The Triton Inference Server provides a cloud inferencing solution optimized for both CPUs and GPUs. The server provides an inference service via an HTTP or GRPC endpoint, allowing remote clients to request inferencing for any model being managed by the server. For edge deployments, Triton Server is also available as a shared library with an API that allows the full functionality of the server to be included directly in an application.

New Features and Improvements

  • Added Triton Python API for in-process integration in Python environment.

  • Added command line option to retry loading failed model in number of attempts specified.

  • Added support for Context Propagation in OpenTelemetry trace mode.

  • Added Triton pinned memory pool usage in reporting metrics.

  • Improved error response in HTTP endpoint that HTTP status codes different than 400 may be returned to align with the error type.

  • Added experimental support for serving PyTorch 2.0 models.

  • The FasterTransformer backend has been deprecated as of 24.01 and will no longer be supported or released with this and future versions of Triton.

  • The Model Analyzer now correctly loads and optimizes ensemble models.

  • The Model Analyzer now handles the case of optimizing a model on a remote Triton server without requiring a local GPU.

  • Refer to the the Frameworks Support Matrix for container image versions on which the inference server container is based.

Known Issues

  • The TensorRT-LLM backend provides limited support of Triton extensions and features.

  • The TensorRT-LLM backend may core dump on server shutdown. This impacts server teardown only and will not impact inferencing.

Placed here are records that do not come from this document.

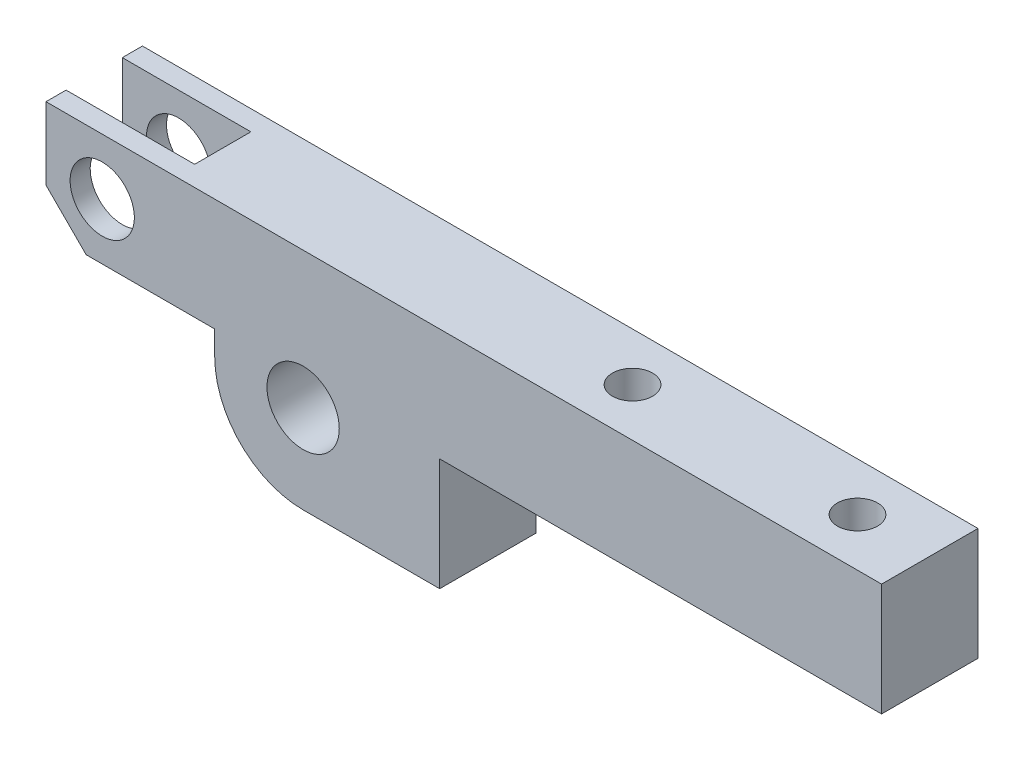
ISO-10303-21;
HEADER;
FILE_DESCRIPTION(('STEP AP214'),'2;1');
FILE_NAME('part.step','',(''),(''),'','','');
FILE_SCHEMA(('AUTOMOTIVE_DESIGN { 1 0 10303 214 1 1 1 1 }'));
ENDSEC;
DATA;
#1=APPLICATION_CONTEXT('core data for automotive mechanical design processes');
#2=APPLICATION_PROTOCOL_DEFINITION('international standard','automotive_design',2000,#1);
#3=PRODUCT_CONTEXT('',#1,'mechanical');
#4=PRODUCT('Part','Part','',(#3));
#5=PRODUCT_RELATED_PRODUCT_CATEGORY('part','',(#4));
#6=PRODUCT_DEFINITION_FORMATION('','',#4);
#7=PRODUCT_DEFINITION_CONTEXT('part definition',#1,'design');
#8=PRODUCT_DEFINITION('design','',#6,#7);
#9=PRODUCT_DEFINITION_SHAPE('','',#8);
#10=(LENGTH_UNIT() NAMED_UNIT(*) SI_UNIT(.MILLI.,.METRE.));
#11=(NAMED_UNIT(*) PLANE_ANGLE_UNIT() SI_UNIT($,.RADIAN.));
#12=(NAMED_UNIT(*) SI_UNIT($,.STERADIAN.) SOLID_ANGLE_UNIT());
#13=UNCERTAINTY_MEASURE_WITH_UNIT(LENGTH_MEASURE(1.E-05),#10,'distance_accuracy_value','');
#14=(GEOMETRIC_REPRESENTATION_CONTEXT(3) GLOBAL_UNCERTAINTY_ASSIGNED_CONTEXT((#13)) GLOBAL_UNIT_ASSIGNED_CONTEXT((#10,
#11,#12)) REPRESENTATION_CONTEXT('',''));
#15=CARTESIAN_POINT('',(0.,0.,0.));
#16=DIRECTION('',(0.,0.,1.));
#17=DIRECTION('',(1.,0.,0.));
#18=AXIS2_PLACEMENT_3D('',#15,#16,#17);
#19=CARTESIAN_POINT('',(-80.0000000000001,40.0000000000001,12.));
#20=DIRECTION('',(1.,0.,0.));
#21=DIRECTION('',(0.,0.,-1.));
#22=AXIS2_PLACEMENT_3D('',#19,#20,#21);
#23=PLANE('',#22);
#24=DIRECTION('',(0.,-1.,0.));
#25=VECTOR('',#24,1.);
#26=CARTESIAN_POINT('',(-80.0000000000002,40.0000000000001,0.));
#27=LINE('',#26,#25);
#28=CARTESIAN_POINT('',(-80.0000000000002,40.0000000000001,0.));
#29=VERTEX_POINT('',#28);
#30=CARTESIAN_POINT('',(-80.0000000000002,31.0000000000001,0.));
#31=VERTEX_POINT('',#30);
#32=EDGE_CURVE('E239',#29,#31,#27,.T.);
#33=ORIENTED_EDGE('',*,*,#32,.T.);
#34=DIRECTION('',(0.,0.,1.));
#35=VECTOR('',#34,1.);
#36=CARTESIAN_POINT('',(-80.0000000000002,31.0000000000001,12.));
#37=LINE('',#36,#35);
#38=CARTESIAN_POINT('',(-80.0000000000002,31.0000000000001,2.49999999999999));
#39=VERTEX_POINT('',#38);
#40=EDGE_CURVE('E166',#31,#39,#37,.T.);
#41=ORIENTED_EDGE('',*,*,#40,.T.);
#42=DIRECTION('',(0.,-1.,0.));
#43=VECTOR('',#42,1.);
#44=CARTESIAN_POINT('',(-80.0000000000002,40.0000000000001,2.49999999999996));
#45=LINE('',#44,#43);
#46=CARTESIAN_POINT('',(-80.0000000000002,40.0000000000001,2.49999999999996));
#47=VERTEX_POINT('',#46);
#48=EDGE_CURVE('E137',#47,#39,#45,.T.);
#49=ORIENTED_EDGE('',*,*,#48,.F.);
#50=DIRECTION('',(0.,0.,-1.));
#51=VECTOR('',#50,1.);
#52=CARTESIAN_POINT('',(-80.0000000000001,40.0000000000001,12.));
#53=LINE('',#52,#51);
#54=EDGE_CURVE('E153',#47,#29,#53,.T.);
#55=ORIENTED_EDGE('',*,*,#54,.T.);
#56=EDGE_LOOP('',(#33,#41,#49,#55));
#57=FACE_BOUND('',#56,.T.);
#58=ADVANCED_FACE('F24',(#57),#23,.F.);
#59=CARTESIAN_POINT('',(-48.,23.0000000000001,12.));
#60=DIRECTION('',(0.,0.,1.));
#61=DIRECTION('',(1.,0.,0.));
#62=AXIS2_PLACEMENT_3D('',#59,#60,#61);
#63=PLANE('',#62);
#64=CARTESIAN_POINT('',(-73.0000000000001,33.,12.));
#65=DIRECTION('',(0.,0.,1.));
#66=DIRECTION('',(1.,0.,0.));
#67=AXIS2_PLACEMENT_3D('',#64,#65,#66);
#68=CIRCLE('',#67,4.00000000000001);
#69=CARTESIAN_POINT('',(-69.0000000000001,33.,12.));
#70=VERTEX_POINT('',#69);
#71=EDGE_CURVE('E178',#70,#70,#68,.T.);
#72=ORIENTED_EDGE('',*,*,#71,.F.);
#73=EDGE_LOOP('',(#72));
#74=FACE_BOUND('',#73,.T.);
#75=DIRECTION('',(0.,-1.,0.));
#76=VECTOR('',#75,1.);
#77=CARTESIAN_POINT('',(-80.0000000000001,40.0000000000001,12.));
#78=LINE('',#77,#76);
#79=CARTESIAN_POINT('',(-80.0000000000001,40.0000000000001,12.));
#80=VERTEX_POINT('',#79);
#81=CARTESIAN_POINT('',(-80.0000000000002,31.0000000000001,12.));
#82=VERTEX_POINT('',#81);
#83=EDGE_CURVE('E151',#80,#82,#78,.T.);
#84=ORIENTED_EDGE('',*,*,#83,.T.);
#85=DIRECTION('',(-0.707106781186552,0.707106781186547,0.));
#86=VECTOR('',#85,1.);
#87=CARTESIAN_POINT('',(-59.9999999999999,11.0000000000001,12.));
#88=LINE('',#87,#86);
#89=CARTESIAN_POINT('',(-75.,26.0000000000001,12.));
#90=VERTEX_POINT('',#89);
#91=EDGE_CURVE('E11',#82,#90,#88,.F.);
#92=ORIENTED_EDGE('',*,*,#91,.T.);
#93=DIRECTION('',(1.,0.,0.));
#94=VECTOR('',#93,1.);
#95=CARTESIAN_POINT('',(-80.0000000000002,26.0000000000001,12.));
#96=LINE('',#95,#94);
#97=CARTESIAN_POINT('',(-59.0000000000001,26.0000000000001,12.));
#98=VERTEX_POINT('',#97);
#99=EDGE_CURVE('E262',#90,#98,#96,.T.);
#100=ORIENTED_EDGE('',*,*,#99,.T.);
#101=DIRECTION('',(0.,1.,0.));
#102=VECTOR('',#101,1.);
#103=CARTESIAN_POINT('',(-59.0000000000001,23.0000000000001,12.));
#104=LINE('',#103,#102);
#105=CARTESIAN_POINT('',(-59.0000000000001,23.0000000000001,12.));
#106=VERTEX_POINT('',#105);
#107=EDGE_CURVE('E259',#106,#98,#104,.T.);
#108=ORIENTED_EDGE('',*,*,#107,.F.);
#109=CARTESIAN_POINT('',(-48.,23.0000000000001,12.));
#110=DIRECTION('',(0.,0.,1.));
#111=DIRECTION('',(1.,0.,0.));
#112=AXIS2_PLACEMENT_3D('',#109,#110,#111);
#113=CIRCLE('',#112,11.);
#114=CARTESIAN_POINT('',(-48.0000000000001,12.,12.));
#115=VERTEX_POINT('',#114);
#116=EDGE_CURVE('E256',#106,#115,#113,.T.);
#117=ORIENTED_EDGE('',*,*,#116,.T.);
#118=DIRECTION('',(1.,0.,0.));
#119=VECTOR('',#118,1.);
#120=CARTESIAN_POINT('',(-48.0000000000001,12.,12.));
#121=LINE('',#120,#119);
#122=CARTESIAN_POINT('',(-31.,12.,12.));
#123=VERTEX_POINT('',#122);
#124=EDGE_CURVE('E253',#115,#123,#121,.T.);
#125=ORIENTED_EDGE('',*,*,#124,.T.);
#126=DIRECTION('',(0.,-1.,0.));
#127=VECTOR('',#126,1.);
#128=CARTESIAN_POINT('',(-31.0000000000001,26.0000000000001,12.));
#129=LINE('',#128,#127);
#130=CARTESIAN_POINT('',(-31.0000000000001,26.0000000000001,12.));
#131=VERTEX_POINT('',#130);
#132=EDGE_CURVE('E250',#131,#123,#129,.T.);
#133=ORIENTED_EDGE('',*,*,#132,.F.);
#134=DIRECTION('',(-1.,0.,0.));
#135=VECTOR('',#134,1.);
#136=CARTESIAN_POINT('',(24.0000000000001,26.0000000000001,12.));
#137=LINE('',#136,#135);
#138=CARTESIAN_POINT('',(24.0000000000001,26.0000000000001,12.));
#139=VERTEX_POINT('',#138);
#140=EDGE_CURVE('E247',#139,#131,#137,.T.);
#141=ORIENTED_EDGE('',*,*,#140,.F.);
#142=DIRECTION('',(0.,-1.,0.));
#143=VECTOR('',#142,1.);
#144=CARTESIAN_POINT('',(24.0000000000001,40.0000000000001,12.));
#145=LINE('',#144,#143);
#146=CARTESIAN_POINT('',(24.0000000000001,40.0000000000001,12.));
#147=VERTEX_POINT('',#146);
#148=EDGE_CURVE('E244',#147,#139,#145,.T.);
#149=ORIENTED_EDGE('',*,*,#148,.F.);
#150=DIRECTION('',(1.,0.,0.));
#151=VECTOR('',#150,1.);
#152=CARTESIAN_POINT('',(-80.0000000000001,40.0000000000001,12.));
#153=LINE('',#152,#151);
#154=EDGE_CURVE('E242',#80,#147,#153,.T.);
#155=ORIENTED_EDGE('',*,*,#154,.F.);
#156=EDGE_LOOP('',(#84,#92,#100,#108,#117,#125,#133,#141,#149,#155));
#157=FACE_BOUND('',#156,.T.);
#158=CARTESIAN_POINT('',(-48.,23.0000000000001,12.));
#159=DIRECTION('',(0.,0.,1.));
#160=DIRECTION('',(1.,0.,0.));
#161=AXIS2_PLACEMENT_3D('',#158,#159,#160);
#162=CIRCLE('',#161,4.5);
#163=CARTESIAN_POINT('',(-43.5,23.0000000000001,12.));
#164=VERTEX_POINT('',#163);
#165=EDGE_CURVE('E213',#164,#164,#162,.T.);
#166=ORIENTED_EDGE('',*,*,#165,.F.);
#167=EDGE_LOOP('',(#166));
#168=FACE_BOUND('',#167,.T.);
#169=ADVANCED_FACE('F297',(#74,#157,#168),#63,.T.);
#170=CARTESIAN_POINT('',(-48.0000000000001,23.0000000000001,0.));
#171=DIRECTION('',(0.,0.,1.));
#172=DIRECTION('',(1.,0.,0.));
#173=AXIS2_PLACEMENT_3D('',#170,#171,#172);
#174=PLANE('',#173);
#175=CARTESIAN_POINT('',(-73.0000000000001,33.,0.));
#176=DIRECTION('',(0.,0.,1.));
#177=DIRECTION('',(1.,0.,0.));
#178=AXIS2_PLACEMENT_3D('',#175,#176,#177);
#179=CIRCLE('',#178,4.00000000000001);
#180=CARTESIAN_POINT('',(-69.0000000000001,33.,0.));
#181=VERTEX_POINT('',#180);
#182=EDGE_CURVE('E175',#181,#181,#179,.T.);
#183=ORIENTED_EDGE('',*,*,#182,.T.);
#184=EDGE_LOOP('',(#183));
#185=FACE_BOUND('',#184,.T.);
#186=DIRECTION('',(1.,0.,0.));
#187=VECTOR('',#186,1.);
#188=CARTESIAN_POINT('',(-80.0000000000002,26.0000000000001,0.));
#189=LINE('',#188,#187);
#190=CARTESIAN_POINT('',(-75.,26.0000000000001,0.));
#191=VERTEX_POINT('',#190);
#192=CARTESIAN_POINT('',(-59.,26.0000000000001,0.));
#193=VERTEX_POINT('',#192);
#194=EDGE_CURVE('E237',#191,#193,#189,.T.);
#195=ORIENTED_EDGE('',*,*,#194,.F.);
#196=DIRECTION('',(0.707106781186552,-0.707106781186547,0.));
#197=VECTOR('',#196,1.);
#198=CARTESIAN_POINT('',(-75.,26.0000000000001,0.));
#199=LINE('',#198,#197);
#200=EDGE_CURVE('E164',#191,#31,#199,.F.);
#201=ORIENTED_EDGE('',*,*,#200,.T.);
#202=ORIENTED_EDGE('',*,*,#32,.F.);
#203=DIRECTION('',(1.,0.,0.));
#204=VECTOR('',#203,1.);
#205=CARTESIAN_POINT('',(-80.0000000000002,40.0000000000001,0.));
#206=LINE('',#205,#204);
#207=CARTESIAN_POINT('',(24.,40.0000000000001,0.));
#208=VERTEX_POINT('',#207);
#209=EDGE_CURVE('E216',#29,#208,#206,.T.);
#210=ORIENTED_EDGE('',*,*,#209,.T.);
#211=DIRECTION('',(0.,-1.,0.));
#212=VECTOR('',#211,1.);
#213=CARTESIAN_POINT('',(24.,40.0000000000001,0.));
#214=LINE('',#213,#212);
#215=CARTESIAN_POINT('',(24.0000000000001,26.0000000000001,0.));
#216=VERTEX_POINT('',#215);
#217=EDGE_CURVE('E219',#208,#216,#214,.T.);
#218=ORIENTED_EDGE('',*,*,#217,.T.);
#219=DIRECTION('',(-1.,0.,0.));
#220=VECTOR('',#219,1.);
#221=CARTESIAN_POINT('',(24.0000000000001,26.0000000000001,0.));
#222=LINE('',#221,#220);
#223=CARTESIAN_POINT('',(-31.,26.0000000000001,0.));
#224=VERTEX_POINT('',#223);
#225=EDGE_CURVE('E222',#216,#224,#222,.T.);
#226=ORIENTED_EDGE('',*,*,#225,.T.);
#227=DIRECTION('',(0.,-1.,0.));
#228=VECTOR('',#227,1.);
#229=CARTESIAN_POINT('',(-31.,26.0000000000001,0.));
#230=LINE('',#229,#228);
#231=CARTESIAN_POINT('',(-31.,12.,0.));
#232=VERTEX_POINT('',#231);
#233=EDGE_CURVE('E225',#224,#232,#230,.T.);
#234=ORIENTED_EDGE('',*,*,#233,.T.);
#235=DIRECTION('',(1.,0.,0.));
#236=VECTOR('',#235,1.);
#237=CARTESIAN_POINT('',(-48.0000000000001,12.,0.));
#238=LINE('',#237,#236);
#239=CARTESIAN_POINT('',(-48.0000000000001,12.,0.));
#240=VERTEX_POINT('',#239);
#241=EDGE_CURVE('E228',#240,#232,#238,.T.);
#242=ORIENTED_EDGE('',*,*,#241,.F.);
#243=CARTESIAN_POINT('',(-48.0000000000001,23.0000000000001,0.));
#244=DIRECTION('',(0.,0.,1.));
#245=DIRECTION('',(1.,0.,0.));
#246=AXIS2_PLACEMENT_3D('',#243,#244,#245);
#247=CIRCLE('',#246,11.);
#248=CARTESIAN_POINT('',(-59.0000000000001,23.,0.));
#249=VERTEX_POINT('',#248);
#250=EDGE_CURVE('E231',#249,#240,#247,.T.);
#251=ORIENTED_EDGE('',*,*,#250,.F.);
#252=DIRECTION('',(0.,1.,0.));
#253=VECTOR('',#252,1.);
#254=CARTESIAN_POINT('',(-59.0000000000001,23.,0.));
#255=LINE('',#254,#253);
#256=EDGE_CURVE('E234',#249,#193,#255,.T.);
#257=ORIENTED_EDGE('',*,*,#256,.T.);
#258=EDGE_LOOP('',(#195,#201,#202,#210,#218,#226,#234,#242,#251,#257));
#259=FACE_BOUND('',#258,.T.);
#260=CARTESIAN_POINT('',(-48.0000000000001,23.0000000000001,0.));
#261=DIRECTION('',(0.,0.,1.));
#262=DIRECTION('',(1.,0.,0.));
#263=AXIS2_PLACEMENT_3D('',#260,#261,#262);
#264=CIRCLE('',#263,4.5);
#265=CARTESIAN_POINT('',(-43.5,23.0000000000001,0.));
#266=VERTEX_POINT('',#265);
#267=EDGE_CURVE('E210',#266,#266,#264,.T.);
#268=ORIENTED_EDGE('',*,*,#267,.T.);
#269=EDGE_LOOP('',(#268));
#270=FACE_BOUND('',#269,.T.);
#271=ADVANCED_FACE('F288',(#185,#259,#270),#174,.F.);
#272=CARTESIAN_POINT('',(-80.0000000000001,40.0000000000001,12.));
#273=DIRECTION('',(0.,1.,0.));
#274=DIRECTION('',(0.,0.,1.));
#275=AXIS2_PLACEMENT_3D('',#272,#273,#274);
#276=PLANE('',#275);
#277=CARTESIAN_POINT('',(-13.,40.0000000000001,6.00000000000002));
#278=DIRECTION('',(0.,1.,0.));
#279=DIRECTION('',(-1.,0.,0.));
#280=AXIS2_PLACEMENT_3D('',#277,#278,#279);
#281=CIRCLE('',#280,2.5);
#282=CARTESIAN_POINT('',(-15.5,40.0000000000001,6.00000000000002));
#283=VERTEX_POINT('',#282);
#284=EDGE_CURVE('E189',#283,#283,#281,.T.);
#285=ORIENTED_EDGE('',*,*,#284,.F.);
#286=EDGE_LOOP('',(#285));
#287=FACE_BOUND('',#286,.T.);
#288=CARTESIAN_POINT('',(15.,40.0000000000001,5.99999999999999));
#289=DIRECTION('',(0.,1.,0.));
#290=DIRECTION('',(-1.,0.,0.));
#291=AXIS2_PLACEMENT_3D('',#288,#289,#290);
#292=CIRCLE('',#291,2.5);
#293=CARTESIAN_POINT('',(12.5,40.0000000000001,5.99999999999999));
#294=VERTEX_POINT('',#293);
#295=EDGE_CURVE('E179',#294,#294,#292,.T.);
#296=ORIENTED_EDGE('',*,*,#295,.F.);
#297=EDGE_LOOP('',(#296));
#298=FACE_BOUND('',#297,.T.);
#299=DIRECTION('',(-1.,0.,0.));
#300=VECTOR('',#299,1.);
#301=CARTESIAN_POINT('',(-64.,40.0000000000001,2.5));
#302=LINE('',#301,#300);
#303=CARTESIAN_POINT('',(-64.,40.0000000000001,2.5));
#304=VERTEX_POINT('',#303);
#305=EDGE_CURVE('E148',#304,#47,#302,.T.);
#306=ORIENTED_EDGE('',*,*,#305,.F.);
#307=DIRECTION('',(0.,0.,1.));
#308=VECTOR('',#307,1.);
#309=CARTESIAN_POINT('',(-64.,40.0000000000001,2.5));
#310=LINE('',#309,#308);
#311=CARTESIAN_POINT('',(-64.,40.0000000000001,9.5));
#312=VERTEX_POINT('',#311);
#313=EDGE_CURVE('E147',#304,#312,#310,.T.);
#314=ORIENTED_EDGE('',*,*,#313,.T.);
#315=DIRECTION('',(-1.,0.,0.));
#316=VECTOR('',#315,1.);
#317=CARTESIAN_POINT('',(-64.,40.0000000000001,9.5));
#318=LINE('',#317,#316);
#319=CARTESIAN_POINT('',(-80.0000000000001,40.0000000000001,9.49999999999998));
#320=VERTEX_POINT('',#319);
#321=EDGE_CURVE('E133',#312,#320,#318,.T.);
#322=ORIENTED_EDGE('',*,*,#321,.T.);
#323=EDGE_CURVE('E144',#80,#320,#53,.T.);
#324=ORIENTED_EDGE('',*,*,#323,.F.);
#325=ORIENTED_EDGE('',*,*,#154,.T.);
#326=DIRECTION('',(0.,0.,-1.));
#327=VECTOR('',#326,1.);
#328=CARTESIAN_POINT('',(24.0000000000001,40.0000000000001,12.));
#329=LINE('',#328,#327);
#330=EDGE_CURVE('E265',#147,#208,#329,.T.);
#331=ORIENTED_EDGE('',*,*,#330,.T.);
#332=ORIENTED_EDGE('',*,*,#209,.F.);
#333=ORIENTED_EDGE('',*,*,#54,.F.);
#334=EDGE_LOOP('',(#306,#314,#322,#324,#325,#331,#332,#333));
#335=FACE_BOUND('',#334,.T.);
#336=ADVANCED_FACE('F142',(#287,#298,#335),#276,.T.);
#337=DIRECTION('',(0.,1.,0.));
#338=VECTOR('',#337,1.);
#339=CARTESIAN_POINT('',(-80.0000000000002,26.0000000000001,9.49999999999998));
#340=LINE('',#339,#338);
#341=CARTESIAN_POINT('',(-80.0000000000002,31.0000000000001,9.5));
#342=VERTEX_POINT('',#341);
#343=EDGE_CURVE('E129',#342,#320,#340,.T.);
#344=ORIENTED_EDGE('',*,*,#343,.F.);
#345=DIRECTION('',(0.,0.,1.));
#346=VECTOR('',#345,1.);
#347=CARTESIAN_POINT('',(-80.0000000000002,31.0000000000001,12.));
#348=LINE('',#347,#346);
#349=EDGE_CURVE('E33',#342,#82,#348,.T.);
#350=ORIENTED_EDGE('',*,*,#349,.T.);
#351=ORIENTED_EDGE('',*,*,#83,.F.);
#352=ORIENTED_EDGE('',*,*,#323,.T.);
#353=EDGE_LOOP('',(#344,#350,#351,#352));
#354=FACE_BOUND('',#353,.T.);
#355=ADVANCED_FACE('F26',(#354),#23,.F.);
#356=CARTESIAN_POINT('',(-80.0000000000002,26.0000000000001,12.));
#357=DIRECTION('',(0.,1.,0.));
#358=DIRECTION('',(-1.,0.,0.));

  • When using decoupled models, there is a possibility that response order as sent from the backend may not match with the order in which these responses are received by the streaming gRPC client. Note that this only applies to responses from different requests. Any responses corresponding to the same request will still be received in their expected order, relative to each other.

  • The Java CAPI is known to have intermittent segfaults we’re looking for a root cause.

  • Some systems which implement malloc() may not release memory back to the operating system right away causing a false memory leak. This can be mitigated by using a different malloc implementation. Tcmalloc and jemalloc are installed in the Triton container and can be used by specifying the library in LD_PRELOAD. We recommend experimenting with both tcmalloc and jemalloc to determine which one works better for your use case.

  • Auto-complete may cause an increase in server start time. To avoid a start time increase, users can provide the full model configuration and launch the server with --disable-auto-complete-config.

  • Auto-complete does not support PyTorch models due to lack of metadata in the model. It can only verify that the number of inputs and the input names matches what is specified in the model configuration. There is no model metadata about the number of outputs and datatypes. Related PyTorch bug: pytorch/pytorch#38273

  • Triton Client PIP wheels for ARM SBSA are not available from PyPI and pip will install an incorrect Jetson version of Triton Client library for Arm SBSA. The correct client wheel file can be pulled directly from the Arm SBSA SDK image and manually installed.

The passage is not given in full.